After a blissful week in England spent with family over Christmas, which was tremendous fun for all of us, but especially for Grace who got to hang out with her cousin Min, we hot-tailed it back to America and Maggie completed her final days at NYRA for 2017. I packed up the car and headed to Laurel to saddle Schivarelli in the Dave’s Friend Stakes. Sadly, I arrived at Laurel to find that racing had been canceled right as I had put the bridle on Schiv to lead him over. A couple of horses had stumbled after the wire and gone down on the racetrack. Though they had not got hurt and thank goodness all got up and walked off the track under their own will, management made the correct decision to cancel the rest of the card as it was clear there was a dead-patch on the track.
Schivarelli stayed at Laurel with my father-in-law, Howard Wolfendale – big, big thanks to him and his team for putting the horse up and training him as best they could under frigid temperatures for the week before the rescheduled Dave’s Friend Stakes took place. I was absolutely thrilled with Schivarelli’s effort against the extremely talented bunch of dirt sprinters that assembled. He went off 16-1 and ran in very, very good form. The two horses on the front went 22.40, 44.73, 56.39. When I saw the 44 fraction for the half-mile, I genuinely got excited as Schivarelli sat third behind the leaders. I thought those horses might stop, but they didn’t and ran a final time of 1:08.93, which in winter at Laurel is an incredibly good time. The winner of the race, Favorite Tale, was only beaten 1 ¾ lengths by Runhappy in the Breeders’ Cup sprint of 2015, so that says a lot about the level of competition in the race. Schivarelli returned home to Belmont and is safe and sound. That was the first leg of my journey on towards Fair Grounds.

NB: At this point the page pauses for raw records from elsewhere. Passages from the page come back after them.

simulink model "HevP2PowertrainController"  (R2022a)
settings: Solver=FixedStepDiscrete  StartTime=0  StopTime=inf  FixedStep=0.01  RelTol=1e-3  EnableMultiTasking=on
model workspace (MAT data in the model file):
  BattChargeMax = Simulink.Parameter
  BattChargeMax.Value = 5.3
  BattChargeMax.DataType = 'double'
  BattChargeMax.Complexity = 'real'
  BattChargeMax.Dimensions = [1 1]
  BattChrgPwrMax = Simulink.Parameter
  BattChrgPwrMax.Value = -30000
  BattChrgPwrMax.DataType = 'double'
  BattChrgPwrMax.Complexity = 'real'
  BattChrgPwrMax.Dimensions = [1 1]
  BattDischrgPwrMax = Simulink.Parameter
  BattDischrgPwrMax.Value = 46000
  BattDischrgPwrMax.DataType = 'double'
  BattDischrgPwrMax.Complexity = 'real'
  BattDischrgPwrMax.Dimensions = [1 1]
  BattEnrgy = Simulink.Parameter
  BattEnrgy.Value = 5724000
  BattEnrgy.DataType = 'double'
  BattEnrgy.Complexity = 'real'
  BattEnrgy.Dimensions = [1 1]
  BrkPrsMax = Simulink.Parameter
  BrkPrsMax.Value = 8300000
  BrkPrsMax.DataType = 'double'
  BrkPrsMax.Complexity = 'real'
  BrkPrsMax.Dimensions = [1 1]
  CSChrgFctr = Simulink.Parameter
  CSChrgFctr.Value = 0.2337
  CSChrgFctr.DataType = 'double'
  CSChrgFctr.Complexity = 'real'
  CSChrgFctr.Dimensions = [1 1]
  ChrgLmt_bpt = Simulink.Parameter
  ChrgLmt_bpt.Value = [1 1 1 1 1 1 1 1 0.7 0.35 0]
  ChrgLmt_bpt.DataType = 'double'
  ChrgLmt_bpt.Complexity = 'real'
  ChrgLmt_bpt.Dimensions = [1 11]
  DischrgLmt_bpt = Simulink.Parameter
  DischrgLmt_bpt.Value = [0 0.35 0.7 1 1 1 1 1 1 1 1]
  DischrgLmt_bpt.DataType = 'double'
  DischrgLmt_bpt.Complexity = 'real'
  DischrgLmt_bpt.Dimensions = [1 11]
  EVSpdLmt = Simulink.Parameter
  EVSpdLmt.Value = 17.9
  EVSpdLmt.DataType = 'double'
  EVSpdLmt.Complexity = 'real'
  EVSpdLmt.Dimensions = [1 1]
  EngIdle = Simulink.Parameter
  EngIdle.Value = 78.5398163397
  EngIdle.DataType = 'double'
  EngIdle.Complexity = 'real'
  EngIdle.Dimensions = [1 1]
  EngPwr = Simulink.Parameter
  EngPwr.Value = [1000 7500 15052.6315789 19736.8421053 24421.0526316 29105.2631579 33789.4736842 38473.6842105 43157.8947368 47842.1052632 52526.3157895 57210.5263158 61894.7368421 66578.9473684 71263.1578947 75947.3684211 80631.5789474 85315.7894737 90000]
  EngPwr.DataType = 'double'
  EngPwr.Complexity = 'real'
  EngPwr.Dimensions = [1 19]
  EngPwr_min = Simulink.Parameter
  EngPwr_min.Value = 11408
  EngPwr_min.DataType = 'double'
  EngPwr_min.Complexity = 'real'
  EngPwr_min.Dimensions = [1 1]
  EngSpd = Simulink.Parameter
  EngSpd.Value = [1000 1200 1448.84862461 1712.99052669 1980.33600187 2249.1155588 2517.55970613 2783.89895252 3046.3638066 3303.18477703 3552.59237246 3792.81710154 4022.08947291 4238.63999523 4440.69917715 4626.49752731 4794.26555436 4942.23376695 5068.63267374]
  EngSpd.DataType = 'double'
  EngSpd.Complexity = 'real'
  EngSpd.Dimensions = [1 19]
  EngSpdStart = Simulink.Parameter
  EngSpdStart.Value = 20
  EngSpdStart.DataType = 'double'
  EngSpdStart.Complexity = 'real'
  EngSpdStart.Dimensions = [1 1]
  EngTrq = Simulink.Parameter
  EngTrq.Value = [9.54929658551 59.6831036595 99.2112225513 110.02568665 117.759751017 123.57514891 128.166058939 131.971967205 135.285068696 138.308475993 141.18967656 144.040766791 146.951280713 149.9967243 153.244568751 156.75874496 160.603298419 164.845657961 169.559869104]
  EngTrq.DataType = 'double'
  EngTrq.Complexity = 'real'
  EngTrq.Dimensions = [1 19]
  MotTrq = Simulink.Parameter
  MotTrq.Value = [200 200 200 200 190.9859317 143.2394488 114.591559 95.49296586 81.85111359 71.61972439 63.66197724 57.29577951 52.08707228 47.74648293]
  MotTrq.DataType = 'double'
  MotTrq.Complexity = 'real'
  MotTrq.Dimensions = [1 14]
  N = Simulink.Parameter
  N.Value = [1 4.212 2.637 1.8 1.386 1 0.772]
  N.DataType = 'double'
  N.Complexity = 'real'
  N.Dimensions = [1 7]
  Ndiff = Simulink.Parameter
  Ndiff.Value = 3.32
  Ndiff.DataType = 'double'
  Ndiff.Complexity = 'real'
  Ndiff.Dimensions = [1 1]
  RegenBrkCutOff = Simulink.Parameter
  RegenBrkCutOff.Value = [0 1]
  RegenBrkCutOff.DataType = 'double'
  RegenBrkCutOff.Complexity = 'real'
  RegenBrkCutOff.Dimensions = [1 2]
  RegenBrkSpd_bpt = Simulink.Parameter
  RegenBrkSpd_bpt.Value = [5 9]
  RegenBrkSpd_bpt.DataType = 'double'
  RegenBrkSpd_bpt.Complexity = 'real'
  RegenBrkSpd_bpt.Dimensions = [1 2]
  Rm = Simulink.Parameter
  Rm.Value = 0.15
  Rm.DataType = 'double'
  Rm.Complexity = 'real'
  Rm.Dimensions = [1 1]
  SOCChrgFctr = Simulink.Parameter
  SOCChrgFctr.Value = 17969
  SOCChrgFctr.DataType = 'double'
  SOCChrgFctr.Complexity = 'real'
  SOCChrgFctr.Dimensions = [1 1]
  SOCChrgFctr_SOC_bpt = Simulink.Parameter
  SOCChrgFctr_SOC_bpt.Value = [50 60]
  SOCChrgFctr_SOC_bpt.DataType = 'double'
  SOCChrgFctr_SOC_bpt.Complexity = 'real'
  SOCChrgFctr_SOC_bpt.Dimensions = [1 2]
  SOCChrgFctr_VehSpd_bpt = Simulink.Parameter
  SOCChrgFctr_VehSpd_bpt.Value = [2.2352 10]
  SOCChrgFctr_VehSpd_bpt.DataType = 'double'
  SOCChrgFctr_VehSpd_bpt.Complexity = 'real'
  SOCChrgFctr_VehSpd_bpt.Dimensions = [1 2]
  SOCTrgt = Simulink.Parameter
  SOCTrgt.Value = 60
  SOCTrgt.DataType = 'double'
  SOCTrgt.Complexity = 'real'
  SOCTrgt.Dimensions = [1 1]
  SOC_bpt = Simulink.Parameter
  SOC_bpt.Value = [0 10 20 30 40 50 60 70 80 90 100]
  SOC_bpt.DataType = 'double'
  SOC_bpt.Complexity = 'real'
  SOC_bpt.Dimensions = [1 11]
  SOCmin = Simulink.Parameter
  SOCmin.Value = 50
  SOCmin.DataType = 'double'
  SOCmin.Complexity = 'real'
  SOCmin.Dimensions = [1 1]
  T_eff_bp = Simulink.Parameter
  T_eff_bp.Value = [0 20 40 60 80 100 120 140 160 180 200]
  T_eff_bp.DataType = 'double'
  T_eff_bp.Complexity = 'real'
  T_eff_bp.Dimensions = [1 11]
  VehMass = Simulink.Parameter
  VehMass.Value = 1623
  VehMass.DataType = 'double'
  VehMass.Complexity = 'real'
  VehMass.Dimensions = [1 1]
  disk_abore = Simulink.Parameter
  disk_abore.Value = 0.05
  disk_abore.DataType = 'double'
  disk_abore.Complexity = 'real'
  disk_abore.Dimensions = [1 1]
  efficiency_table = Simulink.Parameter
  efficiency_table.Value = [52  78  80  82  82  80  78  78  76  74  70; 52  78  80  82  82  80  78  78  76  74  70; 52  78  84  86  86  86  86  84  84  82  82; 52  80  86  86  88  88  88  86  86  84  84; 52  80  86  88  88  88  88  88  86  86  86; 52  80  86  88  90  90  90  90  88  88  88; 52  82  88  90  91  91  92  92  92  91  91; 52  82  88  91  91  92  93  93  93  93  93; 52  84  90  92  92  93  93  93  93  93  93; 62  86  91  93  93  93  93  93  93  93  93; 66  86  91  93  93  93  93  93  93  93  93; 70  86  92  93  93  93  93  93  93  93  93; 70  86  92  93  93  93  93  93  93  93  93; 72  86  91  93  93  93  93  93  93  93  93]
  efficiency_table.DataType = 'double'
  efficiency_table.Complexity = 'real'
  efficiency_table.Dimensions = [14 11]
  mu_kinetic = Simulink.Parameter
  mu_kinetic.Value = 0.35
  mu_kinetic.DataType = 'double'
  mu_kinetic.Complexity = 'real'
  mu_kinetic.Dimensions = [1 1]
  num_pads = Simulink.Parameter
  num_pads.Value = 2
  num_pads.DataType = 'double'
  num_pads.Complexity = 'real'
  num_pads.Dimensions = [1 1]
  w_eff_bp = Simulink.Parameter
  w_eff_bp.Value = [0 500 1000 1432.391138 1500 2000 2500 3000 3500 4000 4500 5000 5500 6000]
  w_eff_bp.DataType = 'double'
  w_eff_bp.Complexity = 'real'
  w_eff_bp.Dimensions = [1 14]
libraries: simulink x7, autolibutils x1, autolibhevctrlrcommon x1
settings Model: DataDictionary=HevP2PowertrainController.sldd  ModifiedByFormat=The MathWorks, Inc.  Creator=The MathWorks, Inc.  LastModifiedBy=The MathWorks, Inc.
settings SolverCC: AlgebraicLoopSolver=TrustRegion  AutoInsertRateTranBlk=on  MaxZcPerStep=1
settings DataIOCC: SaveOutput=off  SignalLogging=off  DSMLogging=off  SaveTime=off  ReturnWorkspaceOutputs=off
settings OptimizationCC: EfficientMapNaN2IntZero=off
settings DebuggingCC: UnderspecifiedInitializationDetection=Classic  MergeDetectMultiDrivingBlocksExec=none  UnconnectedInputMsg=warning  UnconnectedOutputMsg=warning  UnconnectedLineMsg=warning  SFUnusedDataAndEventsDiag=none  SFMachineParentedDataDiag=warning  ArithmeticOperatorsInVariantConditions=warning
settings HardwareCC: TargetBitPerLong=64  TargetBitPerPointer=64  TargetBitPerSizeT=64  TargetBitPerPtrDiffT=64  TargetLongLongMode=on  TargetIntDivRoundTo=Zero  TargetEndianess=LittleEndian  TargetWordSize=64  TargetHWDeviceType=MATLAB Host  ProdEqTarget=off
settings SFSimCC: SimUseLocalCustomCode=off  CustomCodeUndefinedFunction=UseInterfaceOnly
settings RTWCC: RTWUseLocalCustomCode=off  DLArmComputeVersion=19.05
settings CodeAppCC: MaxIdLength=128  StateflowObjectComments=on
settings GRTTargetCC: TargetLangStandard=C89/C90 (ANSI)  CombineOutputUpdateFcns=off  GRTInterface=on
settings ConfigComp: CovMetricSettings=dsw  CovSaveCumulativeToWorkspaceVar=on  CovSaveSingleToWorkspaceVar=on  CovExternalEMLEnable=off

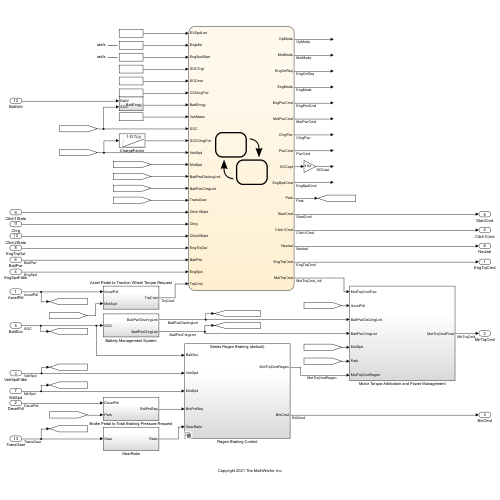
[thumbnail: Simulink's stored preview of the top-level diagram]
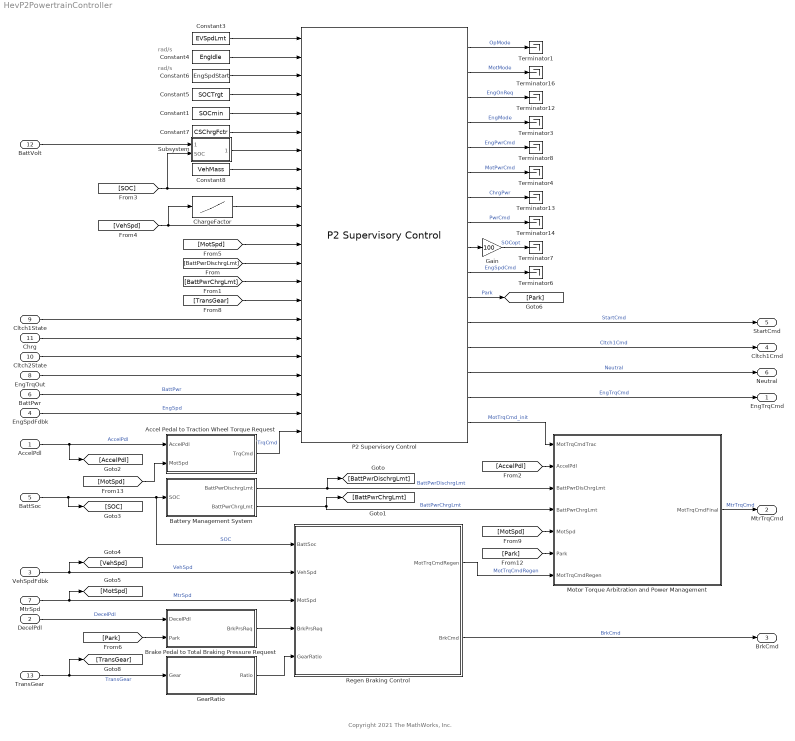
== system HevP2PowertrainController ==
  note: rad/s
  note: rad/s
  note: Copyright 2021 The MathWorks, Inc.
  AccelPdl : Inport  OutDataTypeStr=double  PortDimensions=1  SampleTime=[0.01,0]
  DecelPdl : Inport  Port=2  OutDataTypeStr=double  PortDimensions=1  SampleTime=[0.01,0]
  VehSpdFdbk : Inport  Port=3  OutDataTypeStr=double  PortDimensions=1  SampleTime=[0.01,0]
  EngSpdFdbk : Inport  Port=4  OutDataTypeStr=double  PortDimensions=1  SampleTime=[0.01,0]
  BattSoc : Inport  Port=5  OutDataTypeStr=double  PortDimensions=1  SampleTime=[0.01,0]
  BattPwr : Inport  Port=6  OutDataTypeStr=double  PortDimensions=1  SampleTime=[0.01,0]
  MtrSpd : Inport  Port=7  OutDataTypeStr=double  PortDimensions=1  SampleTime=[0.01,0]
  EngTrqOut : Inport  Port=8  OutDataTypeStr=double  PortDimensions=1  SampleTime=[0.01,0]
  Cltch1State : Inport  Port=9  OutDataTypeStr=boolean  PortDimensions=1  SampleTime=[0.01,0]
  Cltch2State : Inport  Port=10  OutDataTypeStr=boolean  PortDimensions=1  SampleTime=[0.01,0]
  Chrg : Inport  Port=11  OutDataTypeStr=boolean  PortDimensions=1  SampleTime=[0.01,0]
  BattVolt : Inport  Port=12  OutDataTypeStr=double  PortDimensions=1  SampleTime=[0.01,0]
  TransGear : Inport  Port=13  OutDataTypeStr=double  PortDimensions=1  SampleTime=[0.01,0]
  Accel Pedal to Traction Wheel Torque Request : Subsystem
  Battery Management System : Subsystem
  Brake Pedal to Total Braking Pressure Request : Subsystem
  ChargeFactor : Lookup_n-D  NumberOfTableDimensions=1  BreakpointsForDimension1=SOCChrgFctr_VehSpd_bpt  BreakpointsForDimension2=SOCChrgFctr_VehSpd_bpt  Table=[0 SOCChrgFctr]  ExtrapMethod=Clip  UseLastTableValue=on  InternalRulePriority=Speed  RndMeth=Simplest
  Constant1 : Constant  Value=SOCmin
  Constant3 : Constant  Value=EVSpdLmt
  Constant4 : Constant  Value=EngIdle
  Constant5 : Constant  Value=SOCTrgt
  Constant6 : Constant  Value=EngSpdStart
  Constant7 : Constant  Value=CSChrgFctr
  Constant8 : Constant  Value=VehMass
  Gain : Gain  Gain=100
  GearRatio : Subsystem
  Motor Torque Arbitration and Power Management : Subsystem
  P2 Supervisory Control : autolibhevctrlrcommon/P2 Supervisory Control  aMode=1
      settings: SourceProductBaseCode=PW
  Regen Braking Control : Subsystem  Variant=on  VariantControlMode=label  VariantControl=(default)  LabelModeActiveChoice=(default)
  Subsystem : Subsystem
  Terminator{1,3..4,6..8,12..14,16} (10 alike) : Terminator
  EngTrqCmd : Outport  OutDataTypeStr=double  PortDimensions=1  SampleTime=[0.01,0]  VectorParamsAs1DForOutWhenUnconnected=off
  MtrTrqCmd : Outport  Port=2  OutDataTypeStr=double  PortDimensions=1  SampleTime=[0.01,0]  VectorParamsAs1DForOutWhenUnconnected=off
  BrkCmd : Outport  Port=3  OutDataTypeStr=double  PortDimensions=1  SampleTime=[0.01,0]  VectorParamsAs1DForOutWhenUnconnected=off
  Cltch1Cmd : Outport  Port=4  PortDimensions=1  SampleTime=[0.01,0]  VectorParamsAs1DForOutWhenUnconnected=off
  StartCmd : Outport  Port=5  PortDimensions=1  SampleTime=[0.01,0]  VectorParamsAs1DForOutWhenUnconnected=off
  Neutral : Outport  Port=6  PortDimensions=1  SampleTime=[0.01,0]  VectorParamsAs1DForOutWhenUnconnected=off
  wires:
  AccelPdl/1 -> [AccelPdl], Accel Pedal to Traction Wheel Torque Request/1(AccelPdl)  "AccelPdl"
  DecelPdl/1 -> Brake Pedal to Total Braking Pressure Request/1(DecelPdl)  "DecelPdl"
  VehSpdFdbk/1 -> [VehSpd], Regen Braking Control/2("VehSpd ")  "VehSpd"
  EngSpdFdbk/1 -> P2 Supervisory Control/21  "EngSpd"
  BattPwr/1 -> P2 Supervisory Control/20  "BattPwr"
  BattSoc/1 -> [SOC], Regen Braking Control/1("BattSoc "), Battery Management System/1(SOC)  "SOC"
  MtrSpd/1 -> [MotSpd], Regen Braking Control/3("MotSpd ")  "MtrSpd"
  Battery Management System/2(BattPwrChrgLmt) -> [BattPwrChrgLmt], Motor Torque Arbitration and Power Management/4("BattPwrChrgLmt ")  "BattPwrChrgLmt"
  Battery Management System/1(BattPwrDischrgLmt) -> [BattPwrDischrgLmt], Motor Torque Arbitration and Power Management/3(BattPwrDisChrgLmt)  "BattPwrDischrgLmt"
  P2 Supervisory Control/1 -> Terminator1/1  "OpMode"
  P2 Supervisory Control/5 -> Terminator8/1  "EngPwrCmd"
  P2 Supervisory Control/3 -> Terminator12/1  "EngOnReq"
  P2 Supervisory Control/6 -> Terminator4/1  "MotPwrCmd"
  [SOC] -> P2 Supervisory Control/9, Subsystem/2(SOC)
  [VehSpd] -> P2 Supervisory Control/11, ChargeFactor/1
  Constant3/1 -> P2 Supervisory Control/1
  [BattPwrDischrgLmt] -> P2 Supervisory Control/13
  [BattPwrChrgLmt] -> P2 Supervisory Control/14
  Accel Pedal to Traction Wheel Torque Request/1(TrqCmd) -> P2 Supervisory Control/22  "TrqCmd"
  Constant4/1 -> P2 Supervisory Control/2
  P2 Supervisory Control/16 -> Motor Torque Arbitration and Power Management/1(MotTrqCmdTrac)  "MotTrqCmd_init"
  Brake Pedal to Total Braking Pressure Request/1(BrkPrsReq) -> Regen Braking Control/4("BrkPrsReq ")
  Regen Braking Control/1(" MotTrqCmdRegen") -> Motor Torque Arbitration and Power Management/7(MotTrqCmdRegen)  "MotTrqCmdRegen"
  Regen Braking Control/2(" BrkCmd") -> BrkCmd/1  "BrkCmd"
  P2 Supervisory Control/9 -> Gain/1
  P2 Supervisory Control/7 -> Terminator13/1  "ChrgPwr"
  P2 Supervisory Control/8 -> Terminator14/1  "PwrCmd"
  [MotSpd] -> P2 Supervisory Control/12
  Gain/1 -> Terminator7/1  "SOCopt"
  P2 Supervisory Control/4 -> Terminator3/1  "EngMode"
  P2 Supervisory Control/10 -> Terminator6/1  "EngSpdCmd"
  P2 Supervisory Control/2 -> Terminator16/1  "MotMode"
  Constant5/1 -> P2 Supervisory Control/4
  [AccelPdl] -> Motor Torque Arbitration and Power Management/2(AccelPdl)
  Motor Torque Arbitration and Power Management/1(MotTrqCmdFinal) -> MtrTrqCmd/1  "MtrTrqCmd"
  Constant1/1 -> P2 Supervisory Control/5
  P2 Supervisory Control/15 -> EngTrqCmd/1  "EngTrqCmd"
  EngTrqOut/1 -> P2 Supervisory Control/19
  P2 Supervisory Control/11 -> [Park]  "Park"
  [Park] -> Brake Pedal to Total Braking Pressure Request/2(Park)
  [MotSpd] -> Motor Torque Arbitration and Power Management/5(MotSpd)
  GearRatio/1(Ratio) -> Regen Braking Control/5(GearRatio)
  TransGear/1 -> [TransGear], GearRatio/1(Gear)  "TransGear"
  P2 Supervisory Control/13 -> Cltch1Cmd/1  "Cltch1Cmd"
  Cltch2State/1 -> P2 Supervisory Control/18
  Cltch1State/1 -> P2 Supervisory Control/16
  P2 Supervisory Control/14 -> Neutral/1  "Neutral"
  [Park] -> Motor Torque Arbitration and Power Management/6(Park)
  [MotSpd] -> Accel Pedal to Traction Wheel Torque Request/2(MotSpd)
  P2 Supervisory Control/12 -> StartCmd/1  "StartCmd"
  ChargeFactor/1 -> P2 Supervisory Control/10
  Chrg/1 -> P2 Supervisory Control/17
  Constant6/1 -> P2 Supervisory Control/3
  Subsystem/1(BattEnrgy) -> P2 Supervisory Control/7
  Constant8/1 -> P2 Supervisory Control/8
  [TransGear] -> P2 Supervisory Control/15
  BattVolt/1 -> Subsystem/1(BattV)
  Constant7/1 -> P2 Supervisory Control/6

With George as my sidekick and co-pilot, I spent the night with my in-laws before heading back out and driving a full day to Birmingham, AL. on New Year’s Eve. After that, another early start put me all the way to New Orleans by 10 o’clock in the morning, though not quite in time to pick Maggie and Grace up from the airport on New Year’s Day, and we are now all congregated in Louisiana. Maggie is working select weekends for NYRA from January through to March, which has afforded us to spend the winter months down here as a family. The arrangement is greatly appreciated as we look forward to spending time in a city that we really love.
We’ve had a quiet-ish start to the year with a couple of runners at the Fair Grounds, however, things will start to get hot with a couple of horses that I’m looking forward to seeing run. Cooptado, winner of the Tenacious Stakes last out on December 16, returned to face a much deeper field in the 1 1/16 mile Louisiana Stakes. A bit slow at the start and 5-wide rounding into the stretch, he finished 6th.
On Sunday I returned to New York to watch Climb the Ladder run at Aqueduct. She finished second after setting the pace for the first half of the 6 ½ furlong race on the dirt. Danny California (by Afleet Alex), who was looking to start this past weekend, will now run in a Maiden Special Weight going one mile on dirt this coming Thursday, January 18 – also at Aqueduct. Though it is rather frigid, it’s nice to be home to see how the New York division is coming along.
Lyrical Tale got her first opportunity to stretch out after having sprinted twice at Saratoga last summer. This daughter of Tale of the Cat owned by Merrylegs Farm is a half-sister to Thundering Sky and trains like a filly who will relish the step up in distance. Having had a two-year-old-in-training sale campaign straight into our New York division, Penny Hallman and I thought it prudent to give her a little time off in the fall before bringing her back with a view of getting one or two starts in her and hopefully breaking her maiden. Unfortunately, she had a bit of a rusty break and a bad bump at the start of her race on Monday, January 15. With no pace, she had very little chance to recover and finished 9th out of 12. Nonetheless, she’s been training extremely well and I am very much looking forward to seeing her continue to progress.
We have a couple of promising colts still in New York. Depending on how these next two pieces of work go, I’ll be looking at possibly running Westerdale in the Gr.3 Withers, as his two-year-old form worked out extremely well. Mask, the Tapit colt who beat us on October 20, returned to win the Mucho Macho Man Stakes at Gulfstream on January 6, while Navistar, the Union Rags colt who finished second, came out and broke his maiden at Gulfstream the other day. Westerdale’s three-year-old form looks rock-solid; hopefully he is fit and well after three weeks off in a field to do himself justice in the Withers.